-- Input data follows --

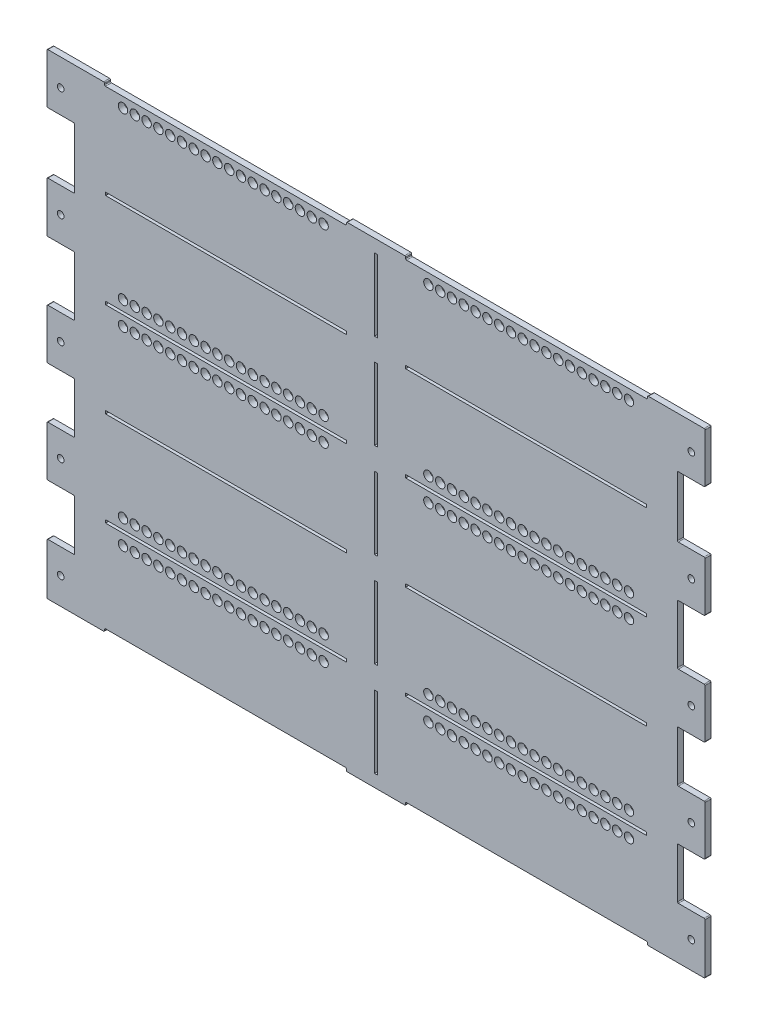
from build123d import *

# Parameters (mm, degrees)
SKETCH2_W            = 629.90984
SKETCH2_H            = 495.5921
SKETCH2_W_2          = 254
SKETCH2_H_2          = 3.175
SKETCH2_W_3          = 3.175
SKETCH2_H_3          = 76.2
BOSS_EXTRUDE1_DEPTH  = 6.35
SKETCH4_W            = 62.54242
SKETCH4_H            = 3.175
SKETCH4_W_2          = 28.585012188
BOSS_EXTRUDE2_DEPTH  = 6.35
BOSS_EXTRUDE3_DEPTH  = 6.35
M6_CLEARANCE_HOLE1_D = 7
SKETCH13_W           = 29.083193723
SKETCH13_H           = 64.286640318
SKETCH13_H_2         = 62.707681577
SKETCH13_H_3         = 53.85675143
SKETCH13_H_4         = 54.031202084
CUT_EXTRUDE1_DEPTH   = 828.140731679
SKETCH15_R           = 5
CUT_EXTRUDE5_DEPTH   = 828.140731679
FILLET1_R            = 1


with BuildPart() as part:
    # Sketch2 → Boss-Extrude1 (new body)
    with BuildSketch(Plane.XY):
        with Locations((313.68492, 246.52605)):
            Rectangle(SKETCH2_W, SKETCH2_H)
        with Locations((155.41371, 96.89592)):
            Rectangle(SKETCH2_W_2, SKETCH2_H_2, mode=Mode.SUBTRACT)
        with Locations((155.41371, 196.64934)):
            Rectangle(SKETCH2_W_2, SKETCH2_H_2, mode=Mode.SUBTRACT)
        with Locations((155.41371, 296.40276)):
            Rectangle(SKETCH2_W_2, SKETCH2_H_2, mode=Mode.SUBTRACT)
        with Locations((155.41371, 396.15618)):
            Rectangle(SKETCH2_W_2, SKETCH2_H_2, mode=Mode.SUBTRACT)
        with Locations((471.95613, 96.89592)):
            Rectangle(SKETCH2_W_2, SKETCH2_H_2, mode=Mode.SUBTRACT)
        with Locations((471.95613, 196.64934)):
            Rectangle(SKETCH2_W_2, SKETCH2_H_2, mode=Mode.SUBTRACT)
        with Locations((471.95613, 396.15618)):
            Rectangle(SKETCH2_W_2, SKETCH2_H_2, mode=Mode.SUBTRACT)
        with Locations((471.95613, 296.40276)):
            Rectangle(SKETCH2_W_2, SKETCH2_H_2, mode=Mode.SUBTRACT)
        with Locations((313.68492, 46.625498166)):
            Rectangle(SKETCH2_W_3, SKETCH2_H_3, mode=Mode.SUBTRACT)
        with Locations((313.68492, 146.77263)):
            Rectangle(SKETCH2_W_3, SKETCH2_H_3, mode=Mode.SUBTRACT)
        with Locations((313.68492, 246.52605)):
            Rectangle(SKETCH2_W_3, SKETCH2_H_3, mode=Mode.SUBTRACT)
        with Locations((313.68492, 346.27947)):
            Rectangle(SKETCH2_W_3, SKETCH2_H_3, mode=Mode.SUBTRACT)
        with Locations((313.68492, 446.03289)):
            Rectangle(SKETCH2_W_3, SKETCH2_H_3, mode=Mode.SUBTRACT)
    extrude(amount=BOSS_EXTRUDE1_DEPTH)

    # Sketch4 → Boss-Extrude2 (add, through all)
    with BuildSketch(Plane.XY.offset(6.35)):
        with Locations((313.68492, 495.9096)):
            Rectangle(SKETCH4_W, SKETCH4_H)
        with Locations((13.022506094, -2.8575)):
            Rectangle(SKETCH4_W_2, SKETCH4_H)
        with Locations((614.347333906, -2.8575)):
            Rectangle(SKETCH4_W_2, SKETCH4_H)
        with Locations((313.68492, -2.8575)):
            Rectangle(SKETCH4_W, SKETCH4_H)
        with Locations((614.347333906, 495.9096)):
            Rectangle(SKETCH4_W_2, SKETCH4_H)
        with Locations((13.022506094, 495.9096)):
            Rectangle(SKETCH4_W_2, SKETCH4_H)
    extrude(amount=-BOSS_EXTRUDE2_DEPTH)

    # Sketch5 → Boss-Extrude3 (add, through all)
    with BuildSketch(Plane.XY.offset(6.35)):
        Polygon((-33.401, 494.3221), (-33.401, 497.4971), (-1.27, 497.4971), (-1.27, 494.3221), (-1.27, -4.445), (-33.401, -4.445), align=None)
        Polygon((628.63984, 494.3221), (628.63984, -4.445), (660.77084, -4.445), (660.77084, 494.3221), (660.77084, 497.4971), (628.63984, 497.4971), align=None)
    extrude(amount=-BOSS_EXTRUDE3_DEPTH)

    # M6 Clearance Hole1 (through all)
    with Locations(Plane.XY.offset(6.35)):
        with Locations((-18.923, 469.322099962), (-18.923, 353.404472554), (-18.923, 237.486845146), (-18.923, 130.608422592), (-18.923, 23.730000038), (646.29284, 23.730000038), (646.29284, 130.608422592), (646.29284, 237.486845146), (646.29284, 353.404472554), (646.29284, 469.322099962)):
            Hole(M6_CLEARANCE_HOLE1_D / 2)

    # Sketch13 → Cut-Extrude1 (cut, through all)
    with BuildSketch(Plane.XY.offset(6.35)):
        with Locations((-18.859403139, 412.253779841)):
            Rectangle(SKETCH13_W, SKETCH13_H)
        with Locations((-18.859403139, 295.344644638)):
            Rectangle(SKETCH13_W, SKETCH13_H_2)
        with Locations((-18.859403139, 184.054510729)):
            Rectangle(SKETCH13_W, SKETCH13_H_3)
        with Locations((-18.859403139, 77.075109128)):
            Rectangle(SKETCH13_W, SKETCH13_H_4)
        with Locations((646.229243139, 77.075109128)):
            Rectangle(SKETCH13_W, SKETCH13_H_4)
        with Locations((646.229243139, 184.054510729)):
            Rectangle(SKETCH13_W, SKETCH13_H_3)
        with Locations((646.229243139, 295.344644638)):
            Rectangle(SKETCH13_W, SKETCH13_H_2)
        with Locations((646.229243139, 412.253779841)):
            Rectangle(SKETCH13_W, SKETCH13_H)
    extrude(amount=-CUT_EXTRUDE1_DEPTH, mode=Mode.SUBTRACT)

    # Sketch15 → Cut-Extrude5 (cut, through all)
    with BuildSketch(Plane.XY):
        with Locations((580.56526, 483.6541)):
            Circle(SKETCH15_R)
        with Locations((568.11926, 483.6541)):
            Circle(SKETCH15_R)
        with Locations((555.67326, 483.6541)):
            Circle(SKETCH15_R)
        with Locations((543.22726, 483.6541)):
            Circle(SKETCH15_R)
        with Locations((530.78126, 483.6541)):
            Circle(SKETCH15_R)
        with Locations((518.33526, 483.6541)):
            Circle(SKETCH15_R)
        with Locations((505.88926, 483.6541)):
            Circle(SKETCH15_R)
        with Locations((493.44326, 483.6541)):
            Circle(SKETCH15_R)
        with Locations((480.99726, 483.6541)):
            Circle(SKETCH15_R)
        with Locations((468.55126, 483.6541)):
            Circle(SKETCH15_R)
        with Locations((456.10526, 483.6541)):
            Circle(SKETCH15_R)
        with Locations((443.65926, 483.6541)):
            Circle(SKETCH15_R)
        with Locations((431.21326, 483.6541)):
            Circle(SKETCH15_R)
        with Locations((418.76726, 483.6541)):
            Circle(SKETCH15_R)
        with Locations((406.32126, 483.6541)):
            Circle(SKETCH15_R)
        with Locations((393.87526, 483.6541)):
            Circle(SKETCH15_R)
        with Locations((381.42926, 483.6541)):
            Circle(SKETCH15_R)
        with Locations((368.98326, 483.6541)):
            Circle(SKETCH15_R)
        with Locations(Location((258.38658, 483.6541, 0), (0, 0, 180))):
            Circle(SKETCH15_R)
        with Locations(Location((245.94058, 483.6541, 0), (0, 0, 180))):
            Circle(SKETCH15_R)
        with Locations(Location((233.49458, 483.6541, 0), (0, 0, 180))):
            Circle(SKETCH15_R)
        with Locations(Location((221.04858, 483.6541, 0), (0, 0, 180))):
            Circle(SKETCH15_R)
        with Locations(Location((208.60258, 483.6541, 0), (0, 0, 180))):
            Circle(SKETCH15_R)
        with Locations(Location((196.15658, 483.6541, 0), (0, 0, 180))):
            Circle(SKETCH15_R)
        with Locations(Location((183.71058, 483.6541, 0), (0, 0, 180))):
            Circle(SKETCH15_R)
        with Locations(Location((171.26458, 483.6541, 0), (0, 0, 180))):
            Circle(SKETCH15_R)
        with Locations(Location((158.81858, 483.6541, 0), (0, 0, 180))):
            Circle(SKETCH15_R)
        with Locations(Location((146.37258, 483.6541, 0), (0, 0, 180))):
            Circle(SKETCH15_R)
        with Locations(Location((133.92658, 483.6541, 0), (0, 0, 180))):
            Circle(SKETCH15_R)
        with Locations(Location((121.48058, 483.6541, 0), (0, 0, 180))):
            Circle(SKETCH15_R)
        with Locations(Location((109.03458, 483.6541, 0), (0, 0, 180))):
            Circle(SKETCH15_R)
        with Locations(Location((96.58858, 483.6541, 0), (0, 0, 180))):
            Circle(SKETCH15_R)
        with Locations(Location((84.14258, 483.6541, 0), (0, 0, 180))):
            Circle(SKETCH15_R)
        with Locations(Location((71.69658, 483.6541, 0), (0, 0, 180))):
            Circle(SKETCH15_R)
        with Locations(Location((59.25058, 483.6541, 0), (0, 0, 180))):
            Circle(SKETCH15_R)
        with Locations(Location((46.80458, 483.6541, 0), (0, 0, 180))):
            Circle(SKETCH15_R)
        with Locations((580.56526, 308.65826)):
            Circle(SKETCH15_R)
        with Locations((568.11926, 308.65826)):
            Circle(SKETCH15_R)
        with Locations((555.67326, 308.65826)):
            Circle(SKETCH15_R)
        with Locations((543.22726, 308.65826)):
            Circle(SKETCH15_R)
        with Locations((530.78126, 308.65826)):
            Circle(SKETCH15_R)
        with Locations((518.33526, 308.65826)):
            Circle(SKETCH15_R)
        with Locations((505.88926, 308.65826)):
            Circle(SKETCH15_R)
        with Locations((493.44326, 308.65826)):
            Circle(SKETCH15_R)
        with Locations((480.99726, 308.65826)):
            Circle(SKETCH15_R)
        with Locations((468.55126, 308.65826)):
            Circle(SKETCH15_R)
        with Locations((456.10526, 308.65826)):
            Circle(SKETCH15_R)
        with Locations((443.65926, 308.65826)):
            Circle(SKETCH15_R)
        with Locations((431.21326, 308.65826)):
            Circle(SKETCH15_R)
        with Locations((418.76726, 308.65826)):
            Circle(SKETCH15_R)
        with Locations((406.32126, 308.65826)):
            Circle(SKETCH15_R)
        with Locations((393.87526, 308.65826)):
            Circle(SKETCH15_R)
        with Locations((381.42926, 308.65826)):
            Circle(SKETCH15_R)
        with Locations((368.98326, 308.65826)):
            Circle(SKETCH15_R)
        with Locations(Location((258.38658, 308.65826, 0), (0, 0, 180))):
            Circle(SKETCH15_R)
        with Locations(Location((245.94058, 308.65826, 0), (0, 0, 180))):
            Circle(SKETCH15_R)
        with Locations(Location((233.49458, 308.65826, 0), (0, 0, 180))):
            Circle(SKETCH15_R)
        with Locations(Location((221.04858, 308.65826, 0), (0, 0, 180))):
            Circle(SKETCH15_R)
        with Locations(Location((208.60258, 308.65826, 0), (0, 0, 180))):
            Circle(SKETCH15_R)
        with Locations(Location((196.15658, 308.65826, 0), (0, 0, 180))):
            Circle(SKETCH15_R)
        with Locations(Location((183.71058, 308.65826, 0), (0, 0, 180))):
            Circle(SKETCH15_R)
        with Locations(Location((171.26458, 308.65826, 0), (0, 0, 180))):
            Circle(SKETCH15_R)
        with Locations(Location((158.81858, 308.65826, 0), (0, 0, 180))):
            Circle(SKETCH15_R)
        with Locations(Location((146.37258, 308.65826, 0), (0, 0, 180))):
            Circle(SKETCH15_R)
        with Locations(Location((133.92658, 308.65826, 0), (0, 0, 180))):
            Circle(SKETCH15_R)
        with Locations(Location((121.48058, 308.65826, 0), (0, 0, 180))):
            Circle(SKETCH15_R)
        with Locations(Location((109.03458, 308.65826, 0), (0, 0, 180))):
            Circle(SKETCH15_R)
        with Locations(Location((96.58858, 308.65826, 0), (0, 0, 180))):
            Circle(SKETCH15_R)
        with Locations(Location((84.14258, 308.65826, 0), (0, 0, 180))):
            Circle(SKETCH15_R)
        with Locations(Location((71.69658, 308.65826, 0), (0, 0, 180))):
            Circle(SKETCH15_R)
        with Locations(Location((59.25058, 308.65826, 0), (0, 0, 180))):
            Circle(SKETCH15_R)
        with Locations(Location((46.80458, 308.65826, 0), (0, 0, 180))):
            Circle(SKETCH15_R)
        with Locations((580.56526, 284.14726)):
            Circle(SKETCH15_R)
        with Locations((568.11926, 284.14726)):
            Circle(SKETCH15_R)
        with Locations((555.67326, 284.14726)):
            Circle(SKETCH15_R)
        with Locations((543.22726, 284.14726)):
            Circle(SKETCH15_R)
        with Locations((530.78126, 284.14726)):
            Circle(SKETCH15_R)
        with Locations((518.33526, 284.14726)):
            Circle(SKETCH15_R)
        with Locations((505.88926, 284.14726)):
            Circle(SKETCH15_R)
        with Locations((493.44326, 284.14726)):
            Circle(SKETCH15_R)
        with Locations((480.99726, 284.14726)):
            Circle(SKETCH15_R)
        with Locations((468.55126, 284.14726)):
            Circle(SKETCH15_R)
        with Locations((456.10526, 284.14726)):
            Circle(SKETCH15_R)
        with Locations((443.65926, 284.14726)):
            Circle(SKETCH15_R)
        with Locations((431.21326, 284.14726)):
            Circle(SKETCH15_R)
        with Locations((418.76726, 284.14726)):
            Circle(SKETCH15_R)
        with Locations((406.32126, 284.14726)):
            Circle(SKETCH15_R)
        with Locations((393.87526, 284.14726)):
            Circle(SKETCH15_R)
        with Locations((381.42926, 284.14726)):
            Circle(SKETCH15_R)
        with Locations((368.98326, 284.14726)):
            Circle(SKETCH15_R)
        with Locations(Location((258.38658, 284.14726, 0), (0, 0, 180))):
            Circle(SKETCH15_R)
        with Locations(Location((245.94058, 284.14726, 0), (0, 0, 180))):
            Circle(SKETCH15_R)
        with Locations(Location((233.49458, 284.14726, 0), (0, 0, 180))):
            Circle(SKETCH15_R)
        with Locations(Location((221.04858, 284.14726, 0), (0, 0, 180))):
            Circle(SKETCH15_R)
        with Locations(Location((208.60258, 284.14726, 0), (0, 0, 180))):
            Circle(SKETCH15_R)
        with Locations(Location((196.15658, 284.14726, 0), (0, 0, 180))):
            Circle(SKETCH15_R)
        with Locations(Location((183.71058, 284.14726, 0), (0, 0, 180))):
            Circle(SKETCH15_R)
        with Locations(Location((171.26458, 284.14726, 0), (0, 0, 180))):
            Circle(SKETCH15_R)
        with Locations(Location((158.81858, 284.14726, 0), (0, 0, 180))):
            Circle(SKETCH15_R)
        with Locations(Location((146.37258, 284.14726, 0), (0, 0, 180))):
            Circle(SKETCH15_R)
        with Locations(Location((133.92658, 284.14726, 0), (0, 0, 180))):
            Circle(SKETCH15_R)
        with Locations(Location((121.48058, 284.14726, 0), (0, 0, 180))):
            Circle(SKETCH15_R)
        with Locations(Location((109.03458, 284.14726, 0), (0, 0, 180))):
            Circle(SKETCH15_R)
        with Locations(Location((96.58858, 284.14726, 0), (0, 0, 180))):
            Circle(SKETCH15_R)
        with Locations(Location((84.14258, 284.14726, 0), (0, 0, 180))):
            Circle(SKETCH15_R)
        with Locations(Location((71.69658, 284.14726, 0), (0, 0, 180))):
            Circle(SKETCH15_R)
        with Locations(Location((59.25058, 284.14726, 0), (0, 0, 180))):
            Circle(SKETCH15_R)
        with Locations(Location((46.80458, 284.14726, 0), (0, 0, 180))):
            Circle(SKETCH15_R)
        with Locations((580.56526, 109.15142)):
            Circle(SKETCH15_R)
        with Locations((568.11926, 109.15142)):
            Circle(SKETCH15_R)
        with Locations((555.67326, 109.15142)):
            Circle(SKETCH15_R)
        with Locations((543.22726, 109.15142)):
            Circle(SKETCH15_R)
        with Locations((530.78126, 109.15142)):
            Circle(SKETCH15_R)
        with Locations((518.33526, 109.15142)):
            Circle(SKETCH15_R)
        with Locations((505.88926, 109.15142)):
            Circle(SKETCH15_R)
        with Locations((493.44326, 109.15142)):
            Circle(SKETCH15_R)
        with Locations((480.99726, 109.15142)):
            Circle(SKETCH15_R)
        with Locations((468.55126, 109.15142)):
            Circle(SKETCH15_R)
        with Locations((456.10526, 109.15142)):
            Circle(SKETCH15_R)
        with Locations((443.65926, 109.15142)):
            Circle(SKETCH15_R)
        with Locations((431.21326, 109.15142)):
            Circle(SKETCH15_R)
        with Locations((418.76726, 109.15142)):
            Circle(SKETCH15_R)
        with Locations((406.32126, 109.15142)):
            Circle(SKETCH15_R)
        with Locations((393.87526, 109.15142)):
            Circle(SKETCH15_R)
        with Locations((381.42926, 109.15142)):
            Circle(SKETCH15_R)
        with Locations((368.98326, 109.15142)):
            Circle(SKETCH15_R)
        with Locations(Location((258.38658, 109.15142, 0), (0, 0, 180))):
            Circle(SKETCH15_R)
        with Locations(Location((245.94058, 109.15142, 0), (0, 0, 180))):
            Circle(SKETCH15_R)
        with Locations(Location((233.49458, 109.15142, 0), (0, 0, 180))):
            Circle(SKETCH15_R)
        with Locations(Location((221.04858, 109.15142, 0), (0, 0, 180))):
            Circle(SKETCH15_R)
        with Locations(Location((208.60258, 109.15142, 0), (0, 0, 180))):
            Circle(SKETCH15_R)
        with Locations(Location((196.15658, 109.15142, 0), (0, 0, 180))):
            Circle(SKETCH15_R)
        with Locations(Location((183.71058, 109.15142, 0), (0, 0, 180))):
            Circle(SKETCH15_R)
        with Locations(Location((171.26458, 109.15142, 0), (0, 0, 180))):
            Circle(SKETCH15_R)
        with Locations(Location((158.81858, 109.15142, 0), (0, 0, 180))):
            Circle(SKETCH15_R)
        with Locations(Location((146.37258, 109.15142, 0), (0, 0, 180))):
            Circle(SKETCH15_R)
        with Locations(Location((133.92658, 109.15142, 0), (0, 0, 180))):
            Circle(SKETCH15_R)
        with Locations(Location((121.48058, 109.15142, 0), (0, 0, 180))):
            Circle(SKETCH15_R)
        with Locations(Location((109.03458, 109.15142, 0), (0, 0, 180))):
            Circle(SKETCH15_R)
        with Locations(Location((96.58858, 109.15142, 0), (0, 0, 180))):
            Circle(SKETCH15_R)
        with Locations(Location((84.14258, 109.15142, 0), (0, 0, 180))):
            Circle(SKETCH15_R)
        with Locations(Location((71.69658, 109.15142, 0), (0, 0, 180))):
            Circle(SKETCH15_R)
        with Locations(Location((59.25058, 109.15142, 0), (0, 0, 180))):
            Circle(SKETCH15_R)
        with Locations(Location((46.80458, 109.15142, 0), (0, 0, 180))):
            Circle(SKETCH15_R)
        with Locations((580.56526, 83.852996332)):
            Circle(SKETCH15_R)
        with Locations((568.11926, 83.852996332)):
            Circle(SKETCH15_R)
        with Locations((555.67326, 83.852996332)):
            Circle(SKETCH15_R)
        with Locations((543.22726, 83.852996332)):
            Circle(SKETCH15_R)
        with Locations((530.78126, 83.852996332)):
            Circle(SKETCH15_R)
        with Locations((518.33526, 83.852996332)):
            Circle(SKETCH15_R)
        with Locations((505.88926, 83.852996332)):
            Circle(SKETCH15_R)
        with Locations((493.44326, 83.852996332)):
            Circle(SKETCH15_R)
        with Locations((480.99726, 83.852996332)):
            Circle(SKETCH15_R)
        with Locations((468.55126, 83.852996332)):
            Circle(SKETCH15_R)
        with Locations((456.10526, 83.852996332)):
            Circle(SKETCH15_R)
        with Locations((443.65926, 83.852996332)):
            Circle(SKETCH15_R)
        with Locations((431.21326, 83.852996332)):
            Circle(SKETCH15_R)
        with Locations((418.76726, 83.852996332)):
            Circle(SKETCH15_R)
        with Locations((406.32126, 83.852996332)):
            Circle(SKETCH15_R)
        with Locations((393.87526, 83.852996332)):
            Circle(SKETCH15_R)
        with Locations((381.42926, 83.852996332)):
            Circle(SKETCH15_R)
        with Locations((368.98326, 83.852996332)):
            Circle(SKETCH15_R)
        with Locations(Location((258.38658, 83.852996332, 0), (0, 0, 180))):
            Circle(SKETCH15_R)
        with Locations(Location((245.94058, 83.852996332, 0), (0, 0, 180))):
            Circle(SKETCH15_R)
        with Locations(Location((233.49458, 83.852996332, 0), (0, 0, 180))):
            Circle(SKETCH15_R)
        with Locations(Location((221.04858, 83.852996332, 0), (0, 0, 180))):
            Circle(SKETCH15_R)
        with Locations(Location((208.60258, 83.852996332, 0), (0, 0, 180))):
            Circle(SKETCH15_R)
        with Locations(Location((196.15658, 83.852996332, 0), (0, 0, 180))):
            Circle(SKETCH15_R)
        with Locations(Location((183.71058, 83.852996332, 0), (0, 0, 180))):
            Circle(SKETCH15_R)
        with Locations(Location((171.26458, 83.852996332, 0), (0, 0, 180))):
            Circle(SKETCH15_R)
        with Locations(Location((158.81858, 83.852996332, 0), (0, 0, 180))):
            Circle(SKETCH15_R)
        with Locations(Location((146.37258, 83.852996332, 0), (0, 0, 180))):
            Circle(SKETCH15_R)
        with Locations(Location((133.92658, 83.852996332, 0), (0, 0, 180))):
            Circle(SKETCH15_R)
        with Locations(Location((121.48058, 83.852996332, 0), (0, 0, 180))):
            Circle(SKETCH15_R)
        with Locations(Location((109.03458, 83.852996332, 0), (0, 0, 180))):
            Circle(SKETCH15_R)
        with Locations(Location((96.58858, 83.852996332, 0), (0, 0, 180))):
            Circle(SKETCH15_R)
        with Locations(Location((84.14258, 83.852996332, 0), (0, 0, 180))):
            Circle(SKETCH15_R)
        with Locations(Location((71.69658, 83.852996332, 0), (0, 0, 180))):
            Circle(SKETCH15_R)
        with Locations(Location((59.25058, 83.852996332, 0), (0, 0, 180))):
            Circle(SKETCH15_R)
        with Locations(Location((46.80458, 83.852996332, 0), (0, 0, 180))):
            Circle(SKETCH15_R)
    extrude(amount=CUT_EXTRUDE5_DEPTH, mode=Mode.SUBTRACT)

    # Fillet1
    fillet1_edges = [part.edges().sort_by_distance(p)[0] for p in [
        (27.315012188, -1.27, 3.175),
        (27.315012188, -4.445, 3.175),
        (600.054827812, -1.27, 3.175),
        (600.054827812, -4.445, 3.175),
        (282.41371, 494.3221, 3.175),
        (282.41371, 497.4971, 3.175),
        (344.95613, 497.4971, 3.175),
        (344.95613, 494.3221, 3.175),
        (600.054827812, 494.3221, 3.175),
        (600.054827812, 497.4971, 3.175),
        (282.41371, -1.27, 3.175),
        (344.95613, -1.27, 3.175),
        (344.95613, -4.445, 3.175),
        (282.41371, -4.445, 3.175),
        (27.315012188, 497.4971, 3.175),
        (27.315012188, 494.3221, 3.175),
        (-33.401, 497.4971, 3.175),
        (-33.401, -4.445, 3.175),
        (660.77084, 497.4971, 3.175),
        (660.77084, -4.445, 3.175),
        (-33.401, 263.990803849, 3.175),
        (-33.401, 326.698485426, 3.175),
        (-4.317806277, 326.698485426, 3.175),
        (-4.317806277, 263.990803849, 3.175),
        (-4.317806277, 210.982886444, 3.175),
        (-4.317806277, 157.126135014, 3.175),
        (-33.401, 157.126135014, 3.175),
        (-33.401, 210.982886444, 3.175),
        (-33.401, 50.059508086, 3.175),
        (-33.401, 104.09071017, 3.175),
        (-4.317806277, 104.09071017, 3.175),
        (-4.317806277, 50.059508086, 3.175),
        (631.687646277, 104.09071017, 3.175),
        (660.77084, 104.09071017, 3.175),
        (660.77084, 50.059508086, 3.175),
        (631.687646277, 50.059508086, 3.175),
        (631.687646277, 210.982886444, 3.175),
        (660.77084, 210.982886444, 3.175),
        (660.77084, 157.126135014, 3.175),
        (631.687646277, 157.126135014, 3.175),
        (631.687646277, 326.698485426, 3.175),
        (660.77084, 326.698485426, 3.175),
        (660.77084, 263.990803849, 3.175),
        (631.687646277, 263.990803849, 3.175),
        (631.687646277, 444.3971, 3.175),
        (660.77084, 444.3971, 3.175),
        (660.77084, 380.110459682, 3.175),
        (631.687646277, 380.110459682, 3.175),
        (-33.401, 380.110459682, 3.175),
        (-33.401, 444.3971, 3.175),
        (-4.317806277, 444.3971, 3.175),
        (-4.317806277, 380.110459682, 3.175),
    ]]
    fillet(fillet1_edges, radius=FILLET1_R)


solid = part.part

-- Input data concluded --

Task brief –
Across the data, pull every line containing the string "align".

Result below –
        Polygon((-33.401, 494.3221), (-33.401, 497.4971), (-1.27, 497.4971), (-1.27, 494.3221), (-1.27, -4.445), (-33.401, -4.445), align=None)
        Polygon((628.63984, 494.3221), (628.63984, -4.445), (660.77084, -4.445), (660.77084, 494.3221), (660.77084, 497.4971), (628.63984, 497.4971), align=None)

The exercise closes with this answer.